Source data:
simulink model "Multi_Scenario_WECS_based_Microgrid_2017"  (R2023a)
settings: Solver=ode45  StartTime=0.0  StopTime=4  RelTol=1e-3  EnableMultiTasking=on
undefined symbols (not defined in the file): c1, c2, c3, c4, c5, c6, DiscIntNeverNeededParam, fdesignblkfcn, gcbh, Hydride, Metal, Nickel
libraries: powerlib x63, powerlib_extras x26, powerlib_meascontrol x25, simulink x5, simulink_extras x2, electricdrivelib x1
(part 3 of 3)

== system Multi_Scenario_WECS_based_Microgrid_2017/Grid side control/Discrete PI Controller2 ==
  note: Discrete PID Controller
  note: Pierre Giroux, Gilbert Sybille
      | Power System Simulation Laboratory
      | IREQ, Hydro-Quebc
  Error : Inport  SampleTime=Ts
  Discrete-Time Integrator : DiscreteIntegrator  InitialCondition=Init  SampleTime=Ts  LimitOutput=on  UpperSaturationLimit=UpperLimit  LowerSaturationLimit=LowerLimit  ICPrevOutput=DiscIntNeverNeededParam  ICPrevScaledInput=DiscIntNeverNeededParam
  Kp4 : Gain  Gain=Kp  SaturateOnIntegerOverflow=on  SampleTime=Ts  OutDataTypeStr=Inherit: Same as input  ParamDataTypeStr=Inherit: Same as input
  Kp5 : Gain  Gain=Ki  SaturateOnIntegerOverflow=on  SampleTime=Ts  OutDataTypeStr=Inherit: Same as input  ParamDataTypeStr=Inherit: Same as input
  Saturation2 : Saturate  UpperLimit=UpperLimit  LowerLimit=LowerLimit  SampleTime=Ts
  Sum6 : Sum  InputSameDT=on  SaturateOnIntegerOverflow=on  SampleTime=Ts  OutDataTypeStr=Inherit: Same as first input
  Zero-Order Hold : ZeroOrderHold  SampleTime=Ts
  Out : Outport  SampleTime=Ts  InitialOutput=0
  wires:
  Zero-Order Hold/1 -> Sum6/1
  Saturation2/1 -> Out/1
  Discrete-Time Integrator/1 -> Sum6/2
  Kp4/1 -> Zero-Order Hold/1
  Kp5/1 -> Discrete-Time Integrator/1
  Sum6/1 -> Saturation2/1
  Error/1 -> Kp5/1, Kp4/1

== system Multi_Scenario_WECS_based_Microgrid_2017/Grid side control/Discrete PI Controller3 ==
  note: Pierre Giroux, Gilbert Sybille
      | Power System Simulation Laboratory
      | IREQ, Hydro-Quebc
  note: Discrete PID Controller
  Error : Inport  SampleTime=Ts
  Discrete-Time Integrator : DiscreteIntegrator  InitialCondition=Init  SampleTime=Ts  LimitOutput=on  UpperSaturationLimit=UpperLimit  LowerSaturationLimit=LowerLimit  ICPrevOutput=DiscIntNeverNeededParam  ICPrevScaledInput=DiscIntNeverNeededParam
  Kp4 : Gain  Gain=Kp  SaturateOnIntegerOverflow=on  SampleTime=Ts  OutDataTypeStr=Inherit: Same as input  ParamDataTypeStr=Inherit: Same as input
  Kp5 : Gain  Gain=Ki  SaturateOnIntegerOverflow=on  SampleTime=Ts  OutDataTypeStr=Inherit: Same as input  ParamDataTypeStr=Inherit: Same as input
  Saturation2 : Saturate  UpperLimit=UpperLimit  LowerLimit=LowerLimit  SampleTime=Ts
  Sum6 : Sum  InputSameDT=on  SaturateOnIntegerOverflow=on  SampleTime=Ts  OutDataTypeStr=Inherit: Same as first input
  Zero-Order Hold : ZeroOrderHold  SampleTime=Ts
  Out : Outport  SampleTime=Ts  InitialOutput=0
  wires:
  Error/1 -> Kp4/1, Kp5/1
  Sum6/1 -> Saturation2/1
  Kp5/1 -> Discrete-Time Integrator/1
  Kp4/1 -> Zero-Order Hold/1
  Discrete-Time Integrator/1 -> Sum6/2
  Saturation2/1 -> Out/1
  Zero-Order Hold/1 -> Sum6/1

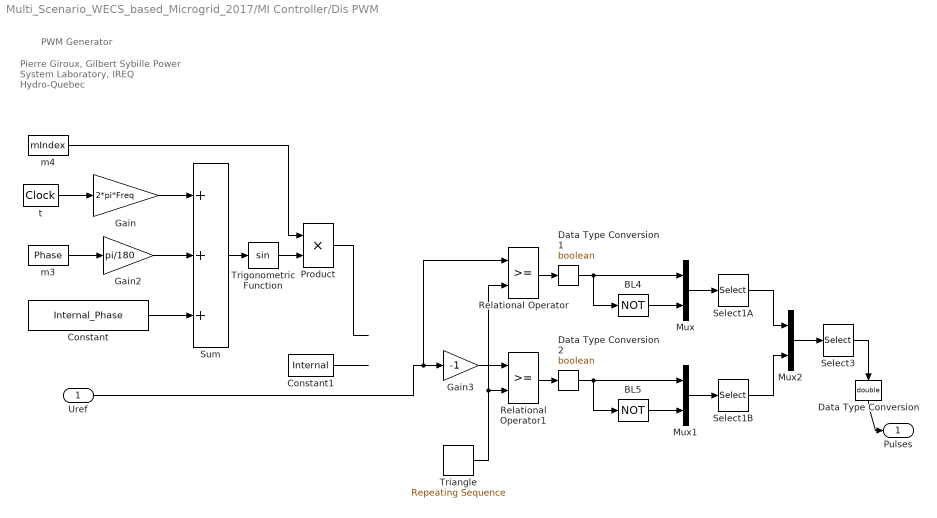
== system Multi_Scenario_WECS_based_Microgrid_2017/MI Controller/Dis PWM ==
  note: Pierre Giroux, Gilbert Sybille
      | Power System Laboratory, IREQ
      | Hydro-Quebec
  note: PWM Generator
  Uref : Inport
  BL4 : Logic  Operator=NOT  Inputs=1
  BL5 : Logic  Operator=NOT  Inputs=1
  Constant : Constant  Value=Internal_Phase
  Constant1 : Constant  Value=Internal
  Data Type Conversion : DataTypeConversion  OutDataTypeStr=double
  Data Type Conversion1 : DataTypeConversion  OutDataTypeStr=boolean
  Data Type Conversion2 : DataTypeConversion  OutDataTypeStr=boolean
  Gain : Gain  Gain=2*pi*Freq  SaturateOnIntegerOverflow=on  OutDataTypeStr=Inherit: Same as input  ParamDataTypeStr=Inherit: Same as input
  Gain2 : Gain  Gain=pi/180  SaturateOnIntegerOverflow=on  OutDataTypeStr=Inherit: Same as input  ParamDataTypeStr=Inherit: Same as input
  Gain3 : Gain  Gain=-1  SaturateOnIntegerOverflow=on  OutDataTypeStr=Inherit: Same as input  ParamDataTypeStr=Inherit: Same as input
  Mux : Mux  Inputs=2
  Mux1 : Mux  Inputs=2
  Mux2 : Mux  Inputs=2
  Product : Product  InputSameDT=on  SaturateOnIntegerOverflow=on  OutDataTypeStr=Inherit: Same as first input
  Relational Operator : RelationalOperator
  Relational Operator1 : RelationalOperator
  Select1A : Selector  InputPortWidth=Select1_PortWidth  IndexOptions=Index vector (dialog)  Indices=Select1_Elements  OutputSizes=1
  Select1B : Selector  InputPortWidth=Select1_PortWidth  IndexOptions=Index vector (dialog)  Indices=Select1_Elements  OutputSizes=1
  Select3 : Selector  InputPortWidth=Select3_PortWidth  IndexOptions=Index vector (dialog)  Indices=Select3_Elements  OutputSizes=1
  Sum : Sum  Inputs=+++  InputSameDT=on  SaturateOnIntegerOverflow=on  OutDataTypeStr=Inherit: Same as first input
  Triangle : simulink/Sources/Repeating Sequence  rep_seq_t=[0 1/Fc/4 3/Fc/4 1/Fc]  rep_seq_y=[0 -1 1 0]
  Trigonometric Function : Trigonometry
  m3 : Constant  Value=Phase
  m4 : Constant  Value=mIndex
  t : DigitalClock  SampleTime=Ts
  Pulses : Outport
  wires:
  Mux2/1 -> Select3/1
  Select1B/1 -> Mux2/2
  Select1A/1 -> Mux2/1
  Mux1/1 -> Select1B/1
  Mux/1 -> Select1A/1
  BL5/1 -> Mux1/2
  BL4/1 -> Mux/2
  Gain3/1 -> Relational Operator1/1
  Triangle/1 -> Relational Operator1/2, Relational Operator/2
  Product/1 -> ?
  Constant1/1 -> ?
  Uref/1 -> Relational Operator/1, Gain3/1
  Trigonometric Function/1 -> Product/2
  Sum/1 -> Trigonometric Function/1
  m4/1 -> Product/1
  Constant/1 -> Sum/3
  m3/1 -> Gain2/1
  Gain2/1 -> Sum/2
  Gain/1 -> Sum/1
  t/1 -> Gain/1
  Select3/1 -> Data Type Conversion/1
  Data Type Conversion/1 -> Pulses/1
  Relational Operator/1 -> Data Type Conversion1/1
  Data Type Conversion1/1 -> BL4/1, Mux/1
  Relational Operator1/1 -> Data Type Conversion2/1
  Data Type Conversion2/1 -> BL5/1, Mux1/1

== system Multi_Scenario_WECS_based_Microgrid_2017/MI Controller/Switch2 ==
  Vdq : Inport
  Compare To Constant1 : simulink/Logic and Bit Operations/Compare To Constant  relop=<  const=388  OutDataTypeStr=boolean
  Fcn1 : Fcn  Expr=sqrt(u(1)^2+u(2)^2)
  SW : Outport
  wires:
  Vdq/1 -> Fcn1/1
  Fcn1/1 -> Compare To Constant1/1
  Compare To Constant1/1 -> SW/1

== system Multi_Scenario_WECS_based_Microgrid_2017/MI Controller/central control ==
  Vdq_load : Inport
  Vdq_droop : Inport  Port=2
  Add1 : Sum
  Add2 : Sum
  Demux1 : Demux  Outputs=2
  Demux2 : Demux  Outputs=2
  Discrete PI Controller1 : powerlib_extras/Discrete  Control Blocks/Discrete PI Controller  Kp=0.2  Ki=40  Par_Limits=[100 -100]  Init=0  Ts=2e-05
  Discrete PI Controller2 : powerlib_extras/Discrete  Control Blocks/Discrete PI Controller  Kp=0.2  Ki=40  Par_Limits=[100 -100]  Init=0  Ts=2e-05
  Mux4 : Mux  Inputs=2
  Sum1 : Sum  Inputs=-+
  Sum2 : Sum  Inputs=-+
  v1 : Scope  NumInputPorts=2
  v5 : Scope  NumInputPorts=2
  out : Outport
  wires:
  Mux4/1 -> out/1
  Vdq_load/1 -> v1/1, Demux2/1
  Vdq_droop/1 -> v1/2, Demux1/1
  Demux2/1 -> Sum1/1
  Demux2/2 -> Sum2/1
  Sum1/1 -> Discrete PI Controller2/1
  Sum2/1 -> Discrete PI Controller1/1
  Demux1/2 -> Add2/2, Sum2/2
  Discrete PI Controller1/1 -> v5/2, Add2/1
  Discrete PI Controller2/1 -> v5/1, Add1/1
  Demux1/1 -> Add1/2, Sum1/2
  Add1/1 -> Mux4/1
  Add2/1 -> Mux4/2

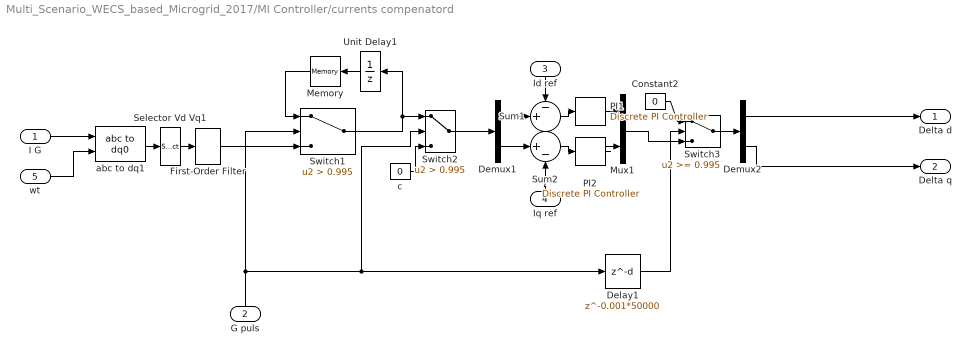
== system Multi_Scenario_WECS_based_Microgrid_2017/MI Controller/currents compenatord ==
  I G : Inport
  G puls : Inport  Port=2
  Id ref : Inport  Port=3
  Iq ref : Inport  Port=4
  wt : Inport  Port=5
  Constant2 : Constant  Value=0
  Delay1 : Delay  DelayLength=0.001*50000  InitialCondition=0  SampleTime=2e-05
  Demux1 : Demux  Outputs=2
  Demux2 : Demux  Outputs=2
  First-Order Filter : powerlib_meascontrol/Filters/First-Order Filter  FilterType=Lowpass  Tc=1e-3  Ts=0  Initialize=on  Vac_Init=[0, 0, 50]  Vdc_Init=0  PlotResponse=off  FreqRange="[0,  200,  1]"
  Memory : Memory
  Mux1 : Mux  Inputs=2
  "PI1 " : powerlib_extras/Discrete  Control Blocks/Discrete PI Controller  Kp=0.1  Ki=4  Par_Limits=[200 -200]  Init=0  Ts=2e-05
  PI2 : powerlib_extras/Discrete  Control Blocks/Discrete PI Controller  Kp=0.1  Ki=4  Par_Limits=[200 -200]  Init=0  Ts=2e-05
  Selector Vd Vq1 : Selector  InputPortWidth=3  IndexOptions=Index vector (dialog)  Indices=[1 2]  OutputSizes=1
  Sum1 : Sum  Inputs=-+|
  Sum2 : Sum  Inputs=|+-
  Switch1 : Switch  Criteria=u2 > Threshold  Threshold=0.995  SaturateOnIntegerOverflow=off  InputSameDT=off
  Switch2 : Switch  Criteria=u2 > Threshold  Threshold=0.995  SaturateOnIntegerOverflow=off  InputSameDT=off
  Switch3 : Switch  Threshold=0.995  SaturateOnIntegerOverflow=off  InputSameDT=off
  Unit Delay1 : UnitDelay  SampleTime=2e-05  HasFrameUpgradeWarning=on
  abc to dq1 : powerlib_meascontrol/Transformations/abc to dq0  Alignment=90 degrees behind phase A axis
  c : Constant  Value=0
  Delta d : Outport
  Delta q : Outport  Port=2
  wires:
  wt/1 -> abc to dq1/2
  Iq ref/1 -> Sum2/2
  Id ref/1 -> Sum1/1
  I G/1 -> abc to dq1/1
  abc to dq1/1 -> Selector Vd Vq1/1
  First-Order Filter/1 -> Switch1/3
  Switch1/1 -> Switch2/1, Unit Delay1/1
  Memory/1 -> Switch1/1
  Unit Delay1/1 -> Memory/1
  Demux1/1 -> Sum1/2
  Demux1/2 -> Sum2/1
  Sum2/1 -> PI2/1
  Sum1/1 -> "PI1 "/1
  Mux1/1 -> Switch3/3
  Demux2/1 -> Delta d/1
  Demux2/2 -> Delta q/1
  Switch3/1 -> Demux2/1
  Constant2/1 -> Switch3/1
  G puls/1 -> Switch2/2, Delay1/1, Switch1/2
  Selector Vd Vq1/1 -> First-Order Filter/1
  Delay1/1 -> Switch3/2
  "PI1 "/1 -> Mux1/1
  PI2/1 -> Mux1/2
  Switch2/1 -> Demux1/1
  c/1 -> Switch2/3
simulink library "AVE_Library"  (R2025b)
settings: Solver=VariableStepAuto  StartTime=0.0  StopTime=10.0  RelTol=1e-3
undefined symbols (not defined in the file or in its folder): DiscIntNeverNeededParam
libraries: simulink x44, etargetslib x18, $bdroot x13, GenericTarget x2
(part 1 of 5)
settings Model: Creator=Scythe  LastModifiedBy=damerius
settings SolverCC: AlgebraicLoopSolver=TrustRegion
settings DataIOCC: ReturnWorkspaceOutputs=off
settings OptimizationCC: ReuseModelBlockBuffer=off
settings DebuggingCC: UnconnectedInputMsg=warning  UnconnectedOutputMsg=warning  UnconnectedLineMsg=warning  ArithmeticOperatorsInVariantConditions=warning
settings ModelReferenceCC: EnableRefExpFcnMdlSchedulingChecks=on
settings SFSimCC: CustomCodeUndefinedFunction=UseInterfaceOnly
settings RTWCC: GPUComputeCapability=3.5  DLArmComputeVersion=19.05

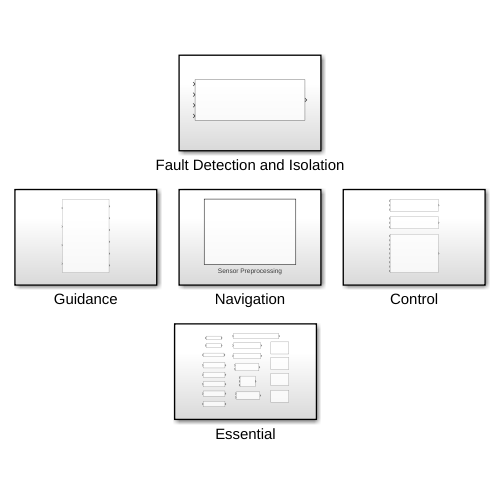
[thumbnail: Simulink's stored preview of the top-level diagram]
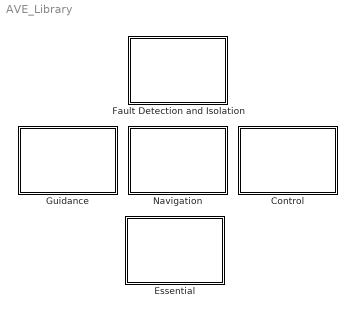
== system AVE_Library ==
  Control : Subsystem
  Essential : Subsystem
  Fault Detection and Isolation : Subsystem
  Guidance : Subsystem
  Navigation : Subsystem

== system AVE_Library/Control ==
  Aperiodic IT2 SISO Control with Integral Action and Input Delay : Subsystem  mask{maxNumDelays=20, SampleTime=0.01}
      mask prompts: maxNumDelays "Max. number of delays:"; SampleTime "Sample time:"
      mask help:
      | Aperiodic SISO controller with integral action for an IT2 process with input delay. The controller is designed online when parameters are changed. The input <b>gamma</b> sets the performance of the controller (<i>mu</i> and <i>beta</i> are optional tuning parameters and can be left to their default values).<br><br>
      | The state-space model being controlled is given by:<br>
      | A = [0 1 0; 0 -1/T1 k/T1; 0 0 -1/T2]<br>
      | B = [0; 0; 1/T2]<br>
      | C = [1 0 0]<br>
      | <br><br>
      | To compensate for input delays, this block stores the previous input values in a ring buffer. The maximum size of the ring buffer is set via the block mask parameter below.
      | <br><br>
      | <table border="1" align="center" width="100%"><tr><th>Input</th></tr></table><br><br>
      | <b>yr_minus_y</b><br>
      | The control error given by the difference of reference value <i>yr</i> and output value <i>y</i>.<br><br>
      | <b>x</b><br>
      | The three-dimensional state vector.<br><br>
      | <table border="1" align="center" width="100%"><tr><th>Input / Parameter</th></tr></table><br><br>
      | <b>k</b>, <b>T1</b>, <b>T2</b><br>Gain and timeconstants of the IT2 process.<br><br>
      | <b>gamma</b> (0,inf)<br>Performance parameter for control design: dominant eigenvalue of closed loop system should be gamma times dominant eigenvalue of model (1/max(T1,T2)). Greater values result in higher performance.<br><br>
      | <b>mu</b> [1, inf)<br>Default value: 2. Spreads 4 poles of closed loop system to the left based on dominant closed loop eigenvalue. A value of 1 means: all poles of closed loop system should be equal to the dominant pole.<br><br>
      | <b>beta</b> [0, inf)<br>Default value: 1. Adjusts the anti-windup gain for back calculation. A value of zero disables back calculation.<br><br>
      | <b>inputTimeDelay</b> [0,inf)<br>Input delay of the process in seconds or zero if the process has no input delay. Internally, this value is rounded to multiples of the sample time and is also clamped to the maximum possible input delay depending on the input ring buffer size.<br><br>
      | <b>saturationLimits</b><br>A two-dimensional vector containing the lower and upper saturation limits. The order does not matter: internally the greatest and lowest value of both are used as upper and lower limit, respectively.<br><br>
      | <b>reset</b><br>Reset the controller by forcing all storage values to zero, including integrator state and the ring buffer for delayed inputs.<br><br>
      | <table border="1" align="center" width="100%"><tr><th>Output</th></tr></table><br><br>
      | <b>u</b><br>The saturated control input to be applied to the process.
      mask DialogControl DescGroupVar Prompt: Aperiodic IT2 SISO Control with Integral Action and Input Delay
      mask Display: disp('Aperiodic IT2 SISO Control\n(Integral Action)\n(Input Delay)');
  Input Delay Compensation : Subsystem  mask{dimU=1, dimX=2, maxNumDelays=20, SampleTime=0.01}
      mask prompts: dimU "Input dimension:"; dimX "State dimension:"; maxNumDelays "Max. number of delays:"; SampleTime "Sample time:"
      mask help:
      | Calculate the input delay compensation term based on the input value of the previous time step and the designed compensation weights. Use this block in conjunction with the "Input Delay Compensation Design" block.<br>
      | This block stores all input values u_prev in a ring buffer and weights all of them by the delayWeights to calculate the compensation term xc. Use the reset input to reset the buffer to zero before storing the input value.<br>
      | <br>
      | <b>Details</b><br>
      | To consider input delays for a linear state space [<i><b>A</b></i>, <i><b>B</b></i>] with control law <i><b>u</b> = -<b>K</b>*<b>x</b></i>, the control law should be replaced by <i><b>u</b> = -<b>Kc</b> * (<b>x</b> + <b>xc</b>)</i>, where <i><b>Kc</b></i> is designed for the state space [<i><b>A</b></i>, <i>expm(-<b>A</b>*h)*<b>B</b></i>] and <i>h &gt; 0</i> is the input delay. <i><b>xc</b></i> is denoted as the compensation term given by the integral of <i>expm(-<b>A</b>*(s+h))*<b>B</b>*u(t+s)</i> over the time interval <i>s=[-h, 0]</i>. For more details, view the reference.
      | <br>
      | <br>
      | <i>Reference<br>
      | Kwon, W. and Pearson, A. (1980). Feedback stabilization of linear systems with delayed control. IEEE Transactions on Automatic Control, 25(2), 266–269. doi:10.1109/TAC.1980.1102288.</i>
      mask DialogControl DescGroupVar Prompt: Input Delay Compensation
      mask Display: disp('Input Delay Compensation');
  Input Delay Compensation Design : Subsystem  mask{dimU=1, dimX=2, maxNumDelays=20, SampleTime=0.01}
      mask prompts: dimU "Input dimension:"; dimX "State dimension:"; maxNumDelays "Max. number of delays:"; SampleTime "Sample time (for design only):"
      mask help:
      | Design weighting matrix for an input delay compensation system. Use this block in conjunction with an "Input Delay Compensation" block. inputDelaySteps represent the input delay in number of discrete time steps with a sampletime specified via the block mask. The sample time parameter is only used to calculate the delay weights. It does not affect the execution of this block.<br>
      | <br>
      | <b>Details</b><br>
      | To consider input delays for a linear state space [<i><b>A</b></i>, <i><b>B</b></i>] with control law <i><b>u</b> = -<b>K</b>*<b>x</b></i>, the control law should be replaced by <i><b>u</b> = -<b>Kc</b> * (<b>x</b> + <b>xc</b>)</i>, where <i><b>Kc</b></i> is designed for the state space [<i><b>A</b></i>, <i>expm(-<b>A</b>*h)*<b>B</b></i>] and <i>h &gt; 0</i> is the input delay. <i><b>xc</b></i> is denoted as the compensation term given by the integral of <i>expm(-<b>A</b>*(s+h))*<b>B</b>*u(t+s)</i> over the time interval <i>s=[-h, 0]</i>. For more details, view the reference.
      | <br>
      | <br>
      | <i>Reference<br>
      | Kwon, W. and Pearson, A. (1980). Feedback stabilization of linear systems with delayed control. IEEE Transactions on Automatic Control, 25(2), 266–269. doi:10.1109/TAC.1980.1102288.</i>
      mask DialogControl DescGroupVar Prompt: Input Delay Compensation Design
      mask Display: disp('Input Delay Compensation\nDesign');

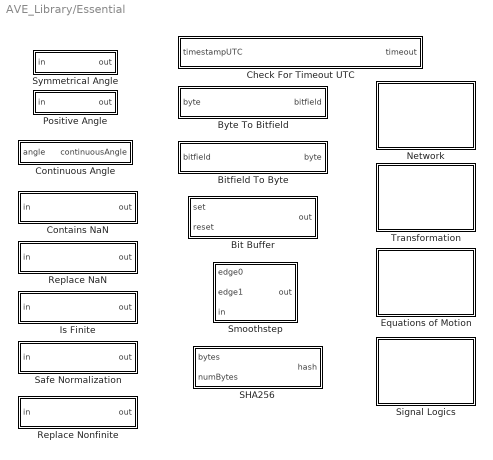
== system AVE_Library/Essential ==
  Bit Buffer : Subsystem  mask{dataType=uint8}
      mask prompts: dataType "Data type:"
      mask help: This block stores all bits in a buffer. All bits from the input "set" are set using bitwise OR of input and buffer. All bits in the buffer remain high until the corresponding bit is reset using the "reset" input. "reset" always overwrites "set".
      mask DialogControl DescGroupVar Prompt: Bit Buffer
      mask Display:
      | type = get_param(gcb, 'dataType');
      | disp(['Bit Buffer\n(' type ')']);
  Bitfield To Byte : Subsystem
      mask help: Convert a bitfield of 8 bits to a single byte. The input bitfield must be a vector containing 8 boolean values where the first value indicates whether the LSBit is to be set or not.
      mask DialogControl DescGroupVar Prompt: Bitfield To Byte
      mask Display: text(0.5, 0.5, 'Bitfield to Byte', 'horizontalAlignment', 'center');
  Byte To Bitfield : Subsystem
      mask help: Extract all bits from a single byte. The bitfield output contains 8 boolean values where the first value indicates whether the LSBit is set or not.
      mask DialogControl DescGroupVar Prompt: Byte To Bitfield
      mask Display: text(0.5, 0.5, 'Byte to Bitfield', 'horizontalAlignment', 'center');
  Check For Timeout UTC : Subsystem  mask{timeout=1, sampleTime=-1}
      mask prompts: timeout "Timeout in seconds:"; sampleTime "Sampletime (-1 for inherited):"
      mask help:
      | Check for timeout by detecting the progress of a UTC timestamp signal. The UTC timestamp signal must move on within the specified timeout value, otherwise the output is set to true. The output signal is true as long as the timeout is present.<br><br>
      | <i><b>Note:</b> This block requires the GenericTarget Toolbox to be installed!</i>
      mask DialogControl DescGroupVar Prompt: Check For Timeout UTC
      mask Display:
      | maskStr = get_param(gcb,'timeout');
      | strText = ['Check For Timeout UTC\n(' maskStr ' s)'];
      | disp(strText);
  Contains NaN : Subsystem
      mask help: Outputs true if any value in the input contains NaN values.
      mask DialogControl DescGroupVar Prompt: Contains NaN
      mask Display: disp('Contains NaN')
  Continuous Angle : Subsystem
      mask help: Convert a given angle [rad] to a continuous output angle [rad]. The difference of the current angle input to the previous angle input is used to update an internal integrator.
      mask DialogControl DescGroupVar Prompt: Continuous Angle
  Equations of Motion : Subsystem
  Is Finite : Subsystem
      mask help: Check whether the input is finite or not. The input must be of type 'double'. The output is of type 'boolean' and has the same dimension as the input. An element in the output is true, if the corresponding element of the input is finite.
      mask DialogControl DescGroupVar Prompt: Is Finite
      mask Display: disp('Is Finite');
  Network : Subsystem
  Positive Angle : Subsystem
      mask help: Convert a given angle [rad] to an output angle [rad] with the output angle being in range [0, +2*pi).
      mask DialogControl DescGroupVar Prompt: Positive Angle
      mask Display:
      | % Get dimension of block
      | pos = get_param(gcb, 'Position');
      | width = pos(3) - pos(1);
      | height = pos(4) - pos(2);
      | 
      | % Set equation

Assigned task:
Pull every line containing "bits" from the entries above and copy it.

Exercise solution:
      mask help: This block stores all bits in a buffer. All bits from the input "set" are set using bitwise OR of input and buffer. All bits in the buffer remain high until the corresponding bit is reset using the "reset" input. "reset" always overwrites "set".
      mask help: Convert a bitfield of 8 bits to a single byte. The input bitfield must be a vector containing 8 boolean values where the first value indicates whether the LSBit is to be set or not.
      mask help: Extract all bits from a single byte. The bitfield output contains 8 boolean values where the first value indicates whether the LSBit is set or not.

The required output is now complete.